• YOUR ASSIGNMENT
Examine each line of the data, and copy the ones containing "Outport".

--- GIVEN DATA Enclosed Below ---

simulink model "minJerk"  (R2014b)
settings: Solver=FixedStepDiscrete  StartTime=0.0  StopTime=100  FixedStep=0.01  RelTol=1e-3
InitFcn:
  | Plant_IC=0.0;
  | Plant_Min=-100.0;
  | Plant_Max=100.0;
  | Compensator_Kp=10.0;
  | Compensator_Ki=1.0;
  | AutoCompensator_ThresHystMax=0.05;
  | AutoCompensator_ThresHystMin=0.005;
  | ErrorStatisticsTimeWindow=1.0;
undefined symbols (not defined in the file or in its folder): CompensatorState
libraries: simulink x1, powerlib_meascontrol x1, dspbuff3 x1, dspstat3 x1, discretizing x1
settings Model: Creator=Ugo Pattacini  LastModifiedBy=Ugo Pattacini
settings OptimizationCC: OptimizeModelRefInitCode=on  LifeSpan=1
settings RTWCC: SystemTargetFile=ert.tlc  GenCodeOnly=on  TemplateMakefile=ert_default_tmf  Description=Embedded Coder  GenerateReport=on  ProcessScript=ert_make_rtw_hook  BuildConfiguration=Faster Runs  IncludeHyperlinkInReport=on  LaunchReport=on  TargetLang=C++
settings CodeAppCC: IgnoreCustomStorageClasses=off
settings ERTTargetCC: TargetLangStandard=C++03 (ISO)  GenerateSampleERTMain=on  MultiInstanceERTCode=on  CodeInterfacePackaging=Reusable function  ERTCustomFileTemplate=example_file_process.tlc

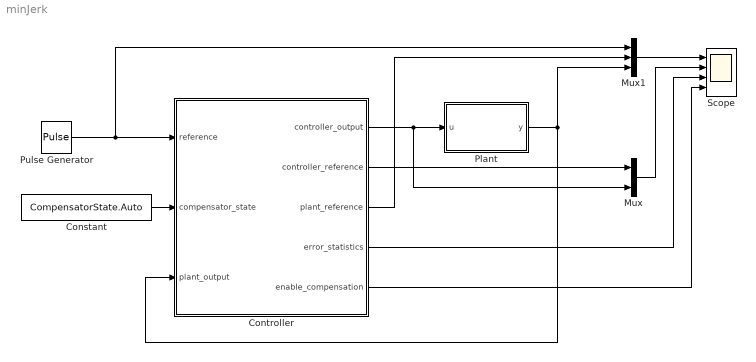
== system minJerk ==
  Constant : Constant  Value=CompensatorState.Auto  OutDataTypeStr=Enum: CompensatorState
  Controller : Subsystem
  Mux : Mux  Inputs=2
  Mux1 : Mux  Inputs=3
  Plant : Subsystem  TreatAsAtomicUnit=on  RTWFcnName=Plant
      settings: RTWFcnNameOpts=User specified
  Pulse Generator : DiscretePulseGenerator  PulseType=Time based  Period=20  PulseWidth=50
  Scope : Scope  NumInputPorts=4
      settings: TimeRange=100  YMin=-0.5~-2~0~-1  YMax=1.5~2~0.15~2
  wires:
  Pulse Generator/1 -> Mux1/1, Controller/1(reference)
  Controller/2(controller_reference) -> Mux/1
  Controller/3(plant_reference) -> Mux1/2
  Mux1/1 -> Scope/1
  Controller/1(controller_output) -> Mux/2, Plant/1(u)
  Plant/1(y) -> Mux1/3, Controller/3(plant_output)
  Mux/1 -> Scope/2
  Constant/1 -> Controller/2(compensator_state)
  Controller/4(error_statistics) -> Scope/3
  Controller/5(enable_compensation) -> Scope/4

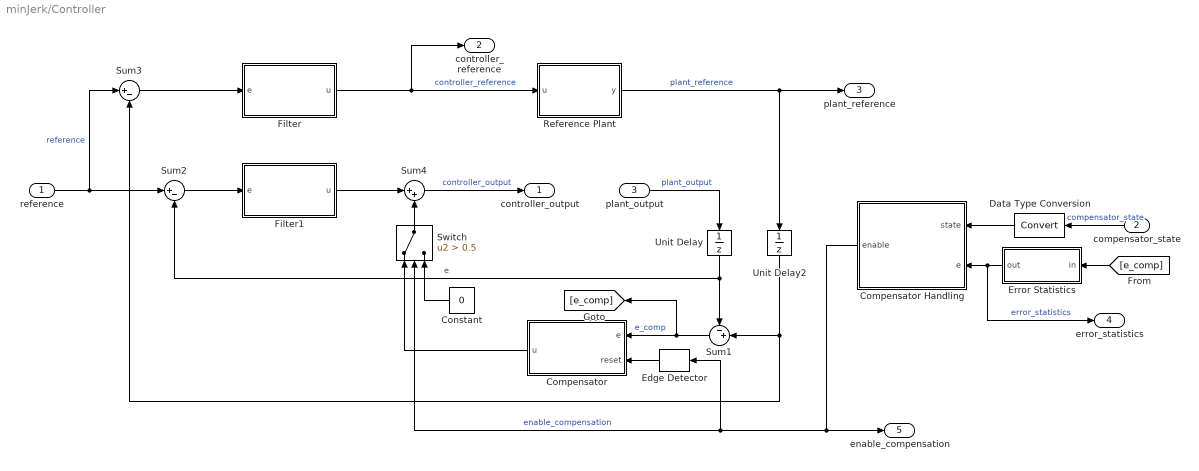
== system minJerk/Controller ==
  reference : Inport
  compensator_state : Inport  Port=2  OutDataTypeStr=Enum: CompensatorState
  plant_output : Inport  Port=3
  Compensator : Subsystem  TreatAsAtomicUnit=on  RTWFcnName=Compensator
      settings: RTWFcnNameOpts=User specified
  Compensator Handling : Stateflow chart  TreatAsAtomicUnit=on
  Constant : Constant  Value=0
  Data Type Conversion : DataTypeConversion
  Edge Detector : powerlib_meascontrol/Logic/Edge Detector  model=Rising  ic=0  Ts=-1
  Error Statistics : Subsystem  TreatAsAtomicUnit=on  RTWFcnName=ErrorStatistics
      settings: RTWFcnNameOpts=User specified
  Filter : Subsystem  TreatAsAtomicUnit=on  RTWFcnName=Filter
      settings: RTWFcnNameOpts=User specified
  Filter1 : Subsystem  TreatAsAtomicUnit=on  RTWFcnName=Filter
      settings: RTWFcnNameOpts=User specified
  Reference Plant : Subsystem  TreatAsAtomicUnit=on  RTWFcnName=ReferencePlant
      settings: RTWFcnNameOpts=User specified
  Sum1 : Sum  Inputs=-+|
  Sum2 : Sum  Inputs=|+-
  Sum3 : Sum  Inputs=|+-
  Sum4 : Sum  Inputs=|++
  Switch : Switch  Criteria=u2 > Threshold  Threshold=0.5
  Unit Delay : UnitDelay  InitialCondition=Plant_IC  SampleTime=-1
  Unit Delay2 : UnitDelay  InitialCondition=Plant_IC  SampleTime=-1
  controller_output : Outport
  controller_reference : Outport  Port=2
  plant_reference : Outport  Port=3
  error_statistics : Outport  Port=4
  enable_compensation : Outport  Port=5
  wires:
  Sum4/1 -> controller_output/1  "controller_output"
  reference/1 -> Sum2/1, Sum3/1  "reference"
  Filter1/1(u) -> Sum4/1
  Sum2/1 -> Filter1/1(e)
  Unit Delay/1 -> Sum2/2, Sum1/1  "e"
  Unit Delay2/1 -> Sum3/2, Sum1/2
  Reference Plant/1(y) -> plant_reference/1, Unit Delay2/1  "plant_reference"
  plant_output/1 -> Unit Delay/1  "plant_output"
  Compensator/1(u) -> Switch/1
  Filter/1(u) -> controller_reference/1, Reference Plant/1(u)  "controller_reference"
  Sum3/1 -> Filter/1(e)
  Sum1/1 -> [e_comp], Compensator/1(e)  "e_comp"
  Switch/1 -> Sum4/2
  Constant/1 -> Switch/3
  Compensator Handling/1(enable) -> Edge Detector/1, Switch/2, enable_compensation/1  "enable_compensation"
  Edge Detector/1 -> Compensator/2(reset)
  compensator_state/1 -> Data Type Conversion/1  "compensator_state"
  Error Statistics/1(out) -> error_statistics/1, Compensator Handling/2(e)  "error_statistics"
  [e_comp] -> Error Statistics/1(in)
  Data Type Conversion/1 -> Compensator Handling/1(state)

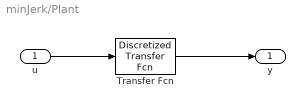
== system minJerk/Plant ==
  u : Inport
  Transfer Fcn : discretizing/Discretized Transfer Fcn  Numerator=[0.9]  Denominator=[0.5 1 0]  AbsTol=auto  SampleTime=0.01  method=tustin  Wc=0
  y : Outport
  wires:
  Transfer Fcn/1 -> y/1
  u/1 -> Transfer Fcn/1

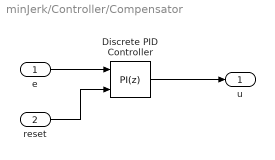
== system minJerk/Controller/Compensator ==
  e : Inport
  reset : Inport  Port=2
  Discrete PID Controller : simulink/Continuous/PID Controller  Controller=PI  TimeDomain=Discrete-time  SampleTime=0.01  IntegratorMethod=Trapezoidal  FilterMethod=Forward Euler  Form=Parallel  P=Compensator_Kp  I=Compensator_Ki  D=0  N=100  InitialConditionSource=internal  InitialConditionForIntegrator=0  InitialConditionForFilter=0  ExternalReset=rising  LimitOutput=off  UpperSaturationLimit=Plant_Max  LowerSaturationLimit=Plant_Min  LinearizeAsGain=off  AntiWindupMode=back-calculation  Kb=2  TrackingMode=off  Kt=1  PParamMin=[]  PParamMax=[]  IParamMin=[]  IParamMax=[]  DParamMin=[]  DParamMax=[]  NParamMin=[]  NParamMax=[]  KbParamMin=[]  KbParamMax=[]  KtParamMin=[]  KtParamMax=[]  POutMin=[]  POutMax=[]  IOutMin=[]  IOutMax=[]  DOutMin=[]  DOutMax=[]  NOutMin=[]  NOutMax=[]  KbOutMin=[]  KbOutMax=[]  KtOutMin=[]  KtOutMax=[]  IntegratorOutMin=[]  IntegratorOutMax=[]  FilterOutMin=[]  FilterOutMax=[]  SumOutMin=[]  SumOutMax=[]  SumI1OutMin=[]  SumI1OutMax=[]  SumI2OutMin=[]  SumI2OutMax=[]  SumI3OutMin=[]  SumI3OutMax=[]  SumDOutMin=[]  SumDOutMax=[]  SaturationOutMin=[]  SaturationOutMax=[]  IntegratorContinuousStateAttributes=''  IntegratorStateMustResolveToSignalObject=off  IntegratorRTWStateStorageClass=Auto  FilterContinuousStateAttributes=''  FilterStateMustResolveToSignalObject=off  FilterRTWStateStorageClass=Auto  DifferentiatorICPrevScaledInput=0  DifferentiatorOutMin=[]  DifferentiatorOutMax=[]  UseFilter=on
  u : Outport
  wires:
  e/1 -> Discrete PID Controller/1
  Discrete PID Controller/1 -> u/1
  reset/1 -> Discrete PID Controller/2

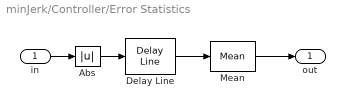
== system minJerk/Controller/Error Statistics ==
  in : Inport
  Abs : Abs
  Delay Line : dspbuff3/Delay Line  siz=ceil(ErrorStatisticsTimeWindow/0.01)  ic=0  directfeed=off  enable_output=off  hold_output=off  TreatMby1Signals=One channel
  Mean : dspstat3/Mean  run=off  reset_popup=None  InputProcessing=Columns as channels (frame based)  directionMode=Entire input  dimension=1  treatSBRowAsCol=on  roiEnable=off  roiType=Rectangles  roiPortion=Entire ROI  roiOutput=Individual statistics for each ROI  roiFlag=off  outputDataTypeStr=Inherit: Same as accumulator  outputLastDataTypeStr=Inherit: Same as accumulator  outputMin=[]  outputMax=[]  roundingMode=Floor  overflowMode=off
  out : Outport
  wires:
  in/1 -> Abs/1
  Delay Line/1 -> Mean/1
  Abs/1 -> Delay Line/1
  Mean/1 -> out/1

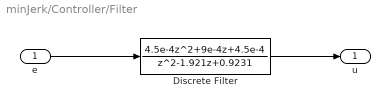
== system minJerk/Controller/Filter ==
  e : Inport
  Discrete Filter : DiscreteTransferFcn  Numerator=[4.5e-4 9e-4 4.5e-4]  Denominator=[1 -1.921 0.9231]  SampleTime=0.01
  u : Outport
  wires:
  Discrete Filter/1 -> u/1
  e/1 -> Discrete Filter/1

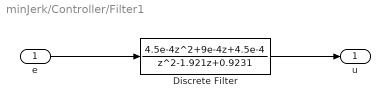
== system minJerk/Controller/Filter1 ==
  e : Inport
  Discrete Filter : DiscreteTransferFcn  Numerator=[4.5e-4 9e-4 4.5e-4]  Denominator=[1 -1.921 0.9231]  SampleTime=0.01
  u : Outport
  wires:
  e/1 -> Discrete Filter/1
  Discrete Filter/1 -> u/1

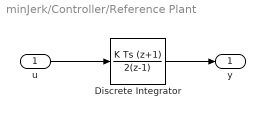
== system minJerk/Controller/Reference Plant ==
  u : Inport
  Discrete Integrator : DiscreteIntegrator  IntegratorMethod=Integration: Trapezoidal  InitialCondition=Plant_IC  InitialConditionSetting=State (most efficient)  SampleTime=0.01  LimitOutput=on  UpperSaturationLimit=Plant_Max  LowerSaturationLimit=Plant_Min
  y : Outport
  wires:
  Discrete Integrator/1 -> y/1
  u/1 -> Discrete Integrator/1

== stateflow chart minJerk/Controller/Compensator Handling ==
  state Select
  state AutomaticOff
    entry:
    enable=false;
  state AutomaticOn
    entry:
    enable=true;
  AutomaticOn -> Select [order 1] : [state!=Auto]
  (default) -> Select
  AutomaticOff -> Select [order 1] : [state!=Auto]
  (junction 13) -> Select [order 1] : [state==Off]
      | { enable=false; }
  (junction 13) -> Select [order 2] : [state==On]
      | { enable=true; }
  Select -> (junction 13)
  (junction 13) -> (junction 25) [order 3]
  (junction 25) -> AutomaticOff [order 2]
  (junction 25) -> AutomaticOn [order 1] : [e>AutoCompensator_ThresHystMax]
  AutomaticOff -> AutomaticOn [order 2] : [e>AutoCompensator_ThresHystMax]
  AutomaticOn -> AutomaticOff [order 2] : [e<AutoCompensator_ThresHystMin]
  data: state input Enum: CompensatorState; enable output boolean; e input; AutoCompensator_ThresHystMax parameter double; AutoCompensator_ThresHystMin parameter double

--- End of Enclosed GIVEN DATA ---

• WORKED SOLUTION
  controller_output : Outport
  controller_reference : Outport  Port=2
  plant_reference : Outport  Port=3
  error_statistics : Outport  Port=4
  enable_compensation : Outport  Port=5
  y : Outport
  u : Outport
  out : Outport
  u : Outport
  u : Outport
  y : Outport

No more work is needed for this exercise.